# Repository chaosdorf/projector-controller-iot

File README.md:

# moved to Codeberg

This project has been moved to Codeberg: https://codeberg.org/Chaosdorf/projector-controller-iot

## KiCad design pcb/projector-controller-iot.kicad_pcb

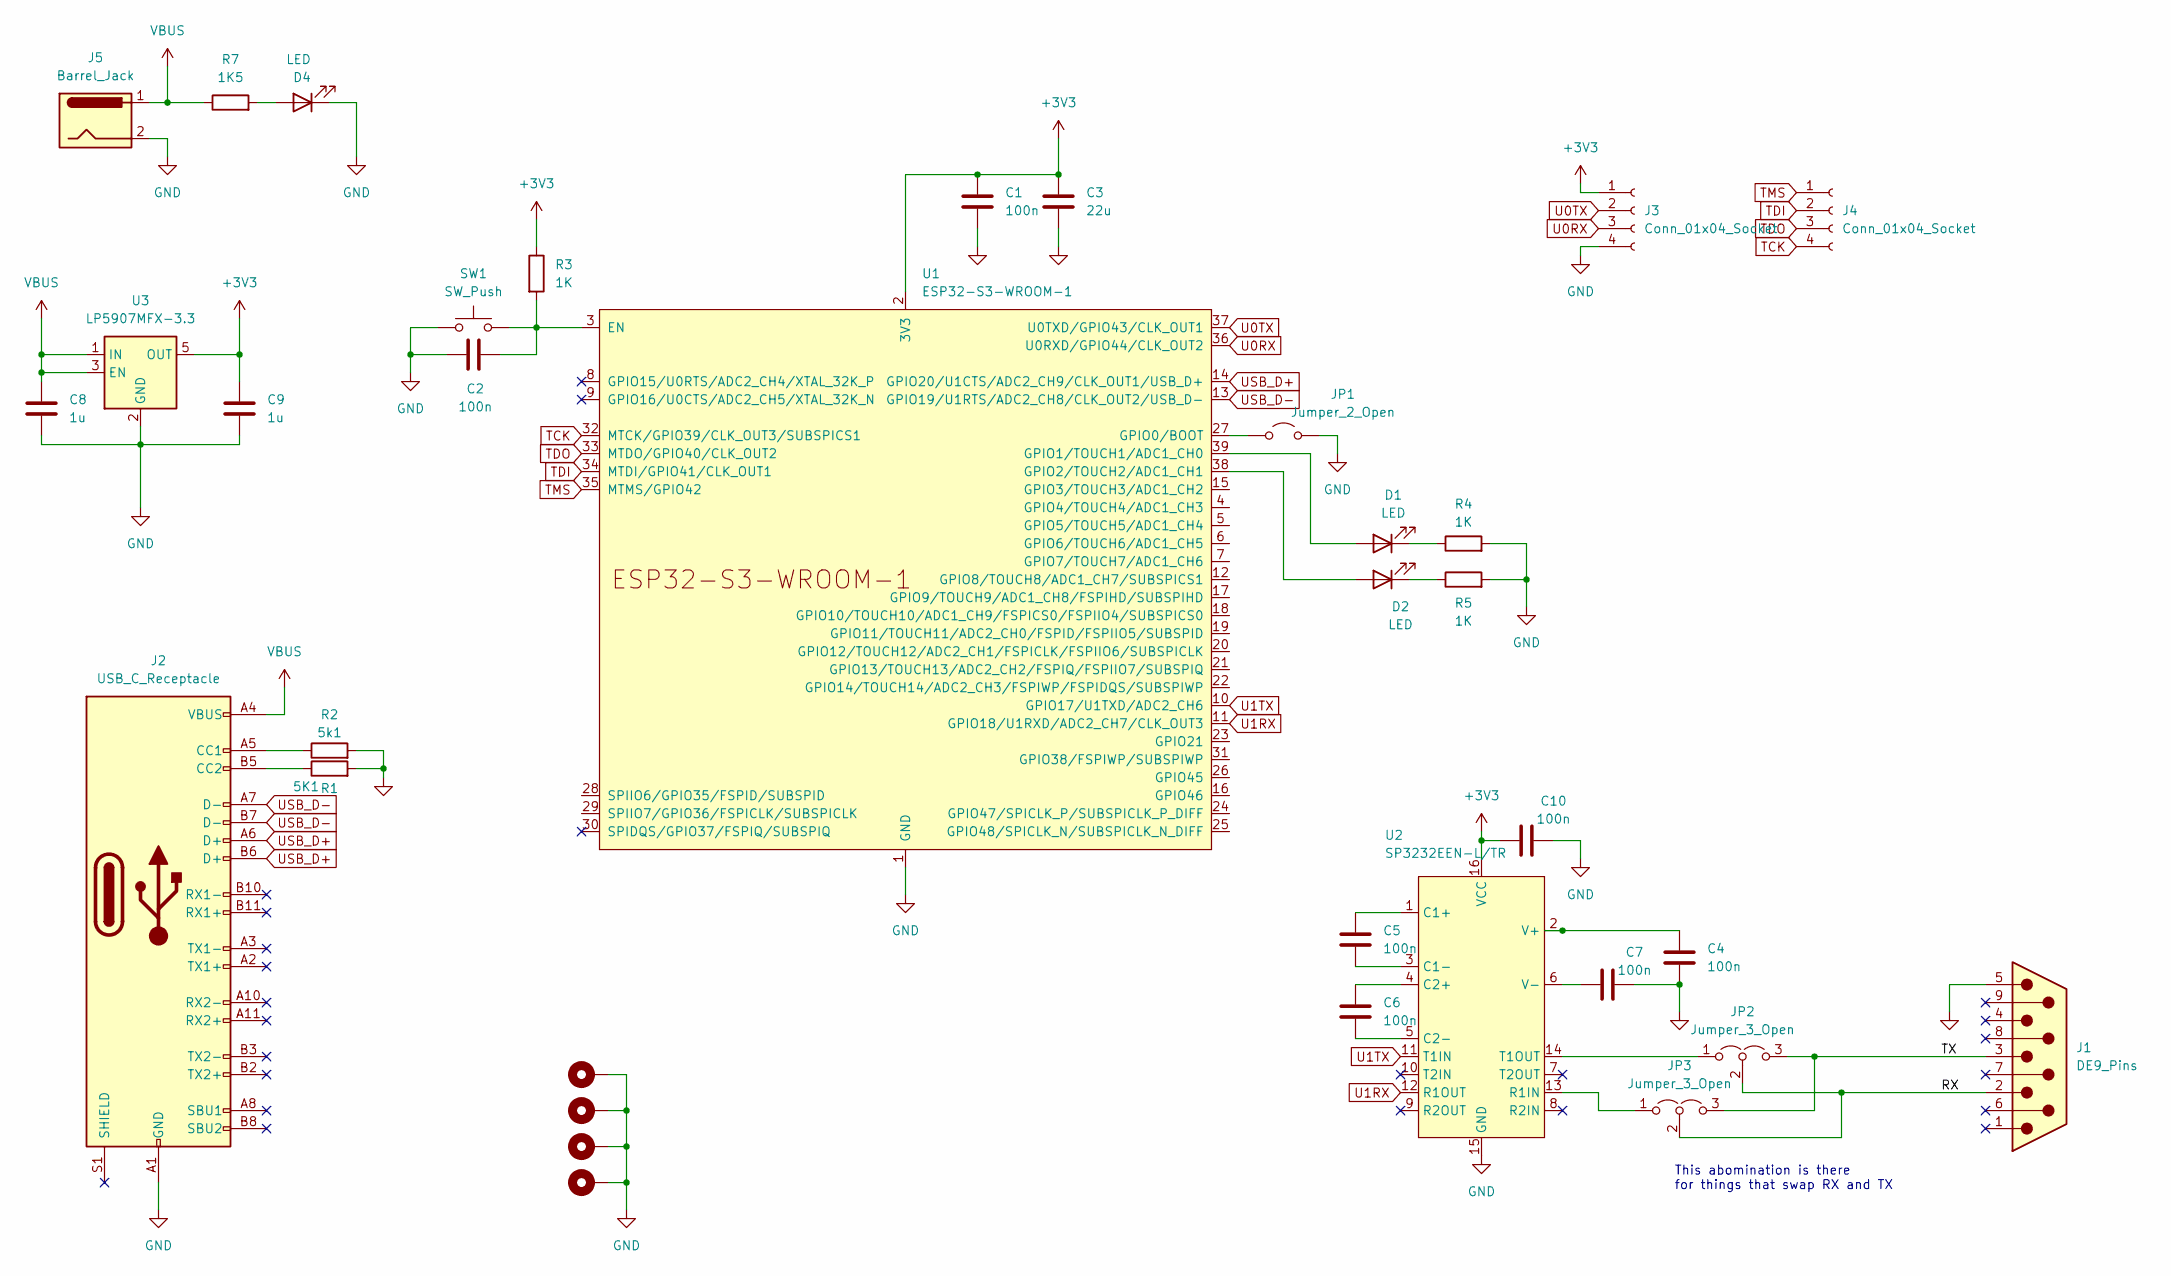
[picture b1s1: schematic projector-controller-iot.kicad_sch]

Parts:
C1, C2, C4, C5, C6, C7, C10: 100n; C_0603_1608Metric_Pad1.08x0.95mm_HandSolder
C3: 22u; C_0603_1608Metric_Pad1.08x0.95mm_HandSolder
C8, C9: 1u; C_0603_1608Metric_Pad1.08x0.95mm_HandSolder
D1, D2, D4: LED; LED_0603_1608Metric_Pad1.05x0.95mm_HandSolder_Triangle
H1, H2, H3, H4: MountingHole_Pad; MountingHole_4.5mm_Pad_Via
J1: DE9_Pins; DB9-TH_LD09P33E4GV00LF
J2: USB_C_Receptacle; USB_C_Receptacle_HRO_TYPE-C-31-M-12
J3, J4: Conn_01x04_Socket; JST_XH_B4B-XH-AM_1x04_P2.50mm_Vertical
J5: Barrel_Jack; DC-IN-TH_DC005
JP1: Jumper_2_Open; PinHeader_1x02_P2.54mm_Vertical
JP2, JP3: Jumper_3_Open
R1: 5K1; R_0603_1608Metric_Pad0.98x0.95mm_HandSolder
R2: 5k1; R_0603_1608Metric_Pad0.98x0.95mm_HandSolder
R3, R4, R5: 1K; R_0603_1608Metric_Pad0.98x0.95mm_HandSolder
R7: 1K5; R_0603_1608Metric_Pad0.98x0.95mm_HandSolder
SW1: SW_Push; SW-SMD_4P-L5.1-W5.1-P3.70-LS6.5-TL_H1.5
U1: ESP32-S3-WROOM-1
U2: SP3232EEN-L/TR; JEITA_SOIC-16_3.9x9.9mm_P1.27mm; LCSC Part C9378
U3: LP5907MFX-3.3; SOT-23-5

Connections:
+3V3: C1.1, C3.1, C9.1, C10.1, J3.1, R3.1, U1.2 (3V3), U2.16 (VCC), U3.5 (OUT)
/RX: J1.2, JP2.2 (C), JP3.1 (A), JP3.2 (C), U2.13 (R1IN)
/TX: J1.3, JP2.1 (A), JP2.3 (B), JP3.3 (B), U2.14 (T1OUT)
GND: C1.2, C2.1, C3.2, C4.2, C7.1, C8.2, C9.2, C10.2, D4.1 (K), H1.1, H2.1, H3.1, H4.1, J1.5, J2.A1 (GND), J2.A12 (GND), J2.B1 (GND), J2.B12 (GND), J3.4, J5.2, JP1.2 (B), R1.2, R2.2, R4.2, R5.2, SW1.1, U1.1 (GND), U1.40 (GND), U1.41 (GND), U2.15 (GND), U3.2 (GND)
unnamed: D1.2 (A), U1.39 (GPIO1/TOUCH1/ADC1_CH0)
unnamed: D1.1 (K), R4.1
unnamed: D2.2 (A), U1.38 (GPIO2/TOUCH2/ADC1_CH1)
unnamed: D2.1 (K), R5.1
unnamed: D4.2 (A), R7.2
unnamed: J2.A5 (CC1), R2.1
unnamed: J2.B5 (CC2), R1.1
unnamed: JP1.1 (A), U1.27 (GPIO0/BOOT)
unnamed: C2.2, R3.2, SW1.2, U1.3 (EN)
unnamed: C5.1, U2.1 (C1+)
unnamed: C5.2, U2.3 (C1-)
unnamed: C6.1, U2.4 (C2+)
unnamed: C6.2, U2.5 (C2-)
unnamed: C4.1, U2.2 (V+)
unnamed: C7.2, U2.6 (V-)
TCK: J4.4, U1.32 (MTCK/GPIO39/CLK_OUT3/SUBSPICS1)
TDI: J4.2, U1.34 (MTDI/GPIO41/CLK_OUT1)
TDO: J4.3, U1.33 (MTDO/GPIO40/CLK_OUT2)
TMS: J4.1, U1.35 (MTMS/GPIO42)
U0RX: J3.3, U1.36 (U0RXD/GPIO44/CLK_OUT2)
U0TX: J3.2, U1.37 (U0TXD/GPIO43/CLK_OUT1)
U1RX: U1.11 (GPIO18/U1RXD/ADC2_CH7/CLK_OUT3), U2.12 (R1OUT)
U1TX: U1.10 (GPIO17/U1TXD/ADC2_CH6), U2.11 (T1IN)
USB_D+: J2.A6 (D+), J2.B6 (D+), U1.14 (GPIO20/U1CTS/ADC2_CH9/CLK_OUT1/USB_D+)
USB_D-: J2.A7 (D-), J2.B7 (D-), U1.13 (GPIO19/U1RTS/ADC2_CH8/CLK_OUT2/USB_D-)
VBUS: C8.1, J2.A4 (VBUS), J2.A9 (VBUS), J2.B4 (VBUS), J2.B9 (VBUS), J5.1, R7.1, U3.1 (IN), U3.3 (EN)

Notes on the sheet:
This abomination is there for things that swap RX and TX

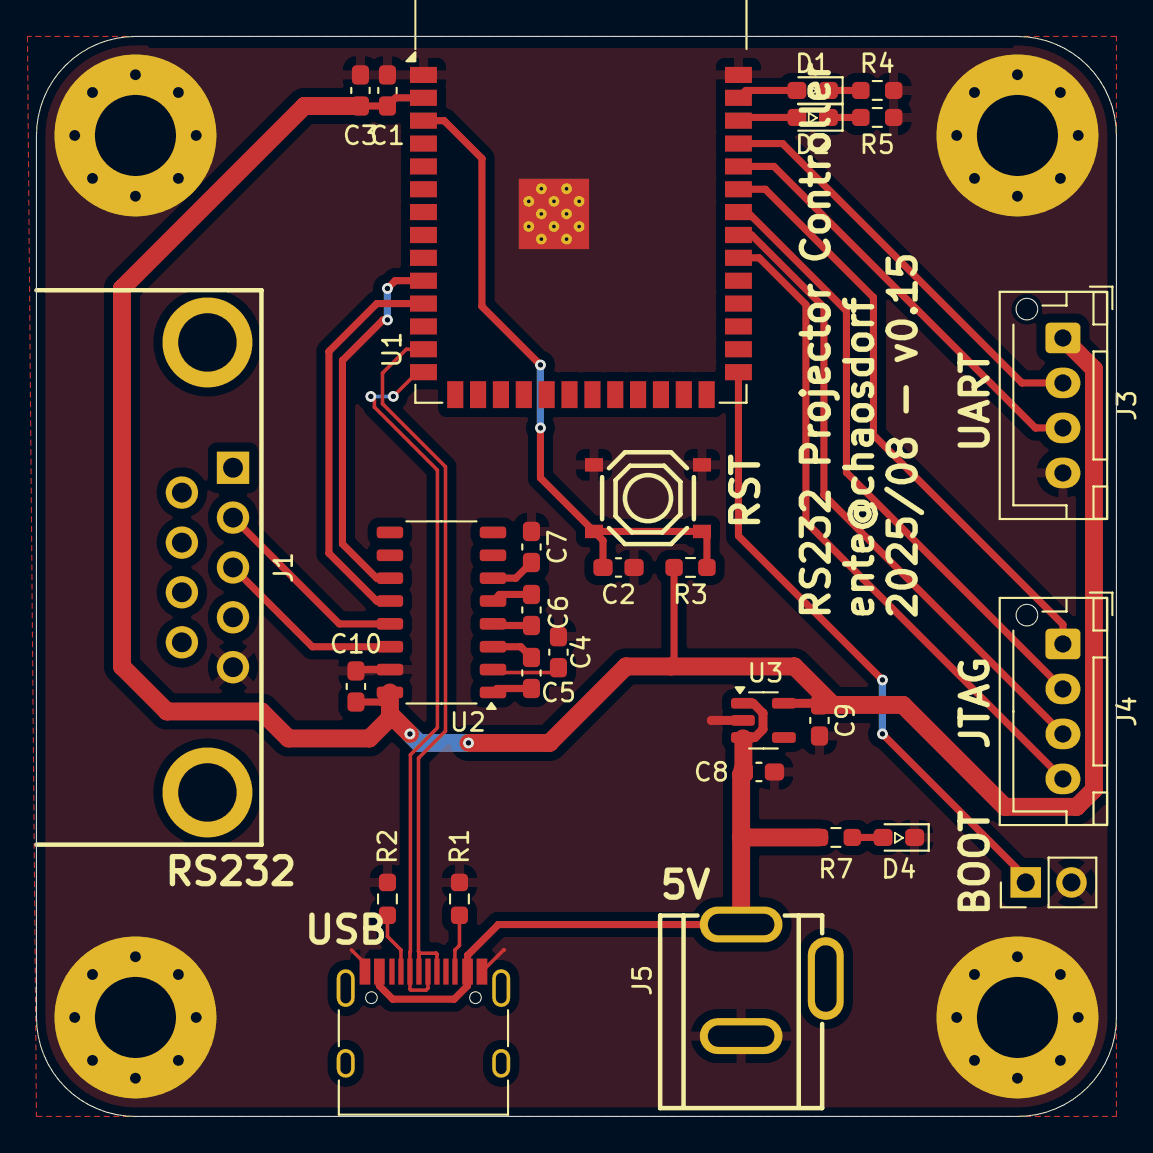
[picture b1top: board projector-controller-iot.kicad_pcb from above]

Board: 2 copper layers, 60.0 x 60.0 mm, 33 parts (0 on the bottom side), 30 nets.

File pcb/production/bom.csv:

Designator,Footprint,Quantity,Value,LCSC Part #
"C1, C10, C2, C4, C5, C6, C7",0603,7,100n,
C3,0603,1,22u,
"C8, C9",0603,2,1u,
"D1, D2, D4",0603,3,LED,
J1,DB9-TH_LD09P33E4GV00LF,1,DE9_Pins,
J2,USB_C_Receptacle_HRO_TYPE-C-31-M-12,1,USB_C_Receptacle,
"J3, J4",JST_XH_B4B-XH-AM_1x04_P2.50mm_Vertical,2,Conn_01x04_Socket,
J5,DC-IN-TH_DC005,1,Barrel_Jack,
JP1,PinHeader_1x02_P2.54mm_Vertical,1,Jumper_2_Open,
"R1, R2",0603,2,5K1,
"R3, R4, R5",0603,3,1K,
R7,0603,1,1K5,
SW1,SW-SMD_4P-L5.1-W5.1-P3.70-LS6.5-TL_H1.5,1,SW_Push,
U1,ESP32-S3-WROOM-1,1,ESP32-S3-WROOM-1,
U2,JEITA_SOIC-16_3.9x9.9mm_P1.27mm,1,SP3232EEN-L/TR,C9378
U3,SOT-23-5,1,LP5907MFX-3.3,

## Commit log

2025-08-29 version where the esp sticks out
2025-08-30 make the esp not stick out
2025-09-03 make fanout make sense
2025-09-08 get it to build
2025-09-08 add gitignore
2025-09-08 esp32c3 gets ip address
2025-09-09 Add renovate.json
2025-09-12 Make MQTT work
2025-09-13 Add projector code
2025-09-13 Bro idk
2025-09-13 use defmt for logging
2025-09-13 Add bracket
2025-09-13 Make MQTT work (?)
2025-09-13 Make home assistant work for power
2025-09-14 Add a bit of ota code
2025-09-14 move ota here
2025-09-14 moved ota code to own branch
2025-09-18 Send initial power state over MQTT
2025-09-22 first working version
2025-09-22 add stuff to gitignore
2026-04-16 moved to Codeberg

- - - - - - -

Look through the entries and copy every line in which the string "version" appears.

2025-08-29 version where the esp sticks out
2025-09-22 first working version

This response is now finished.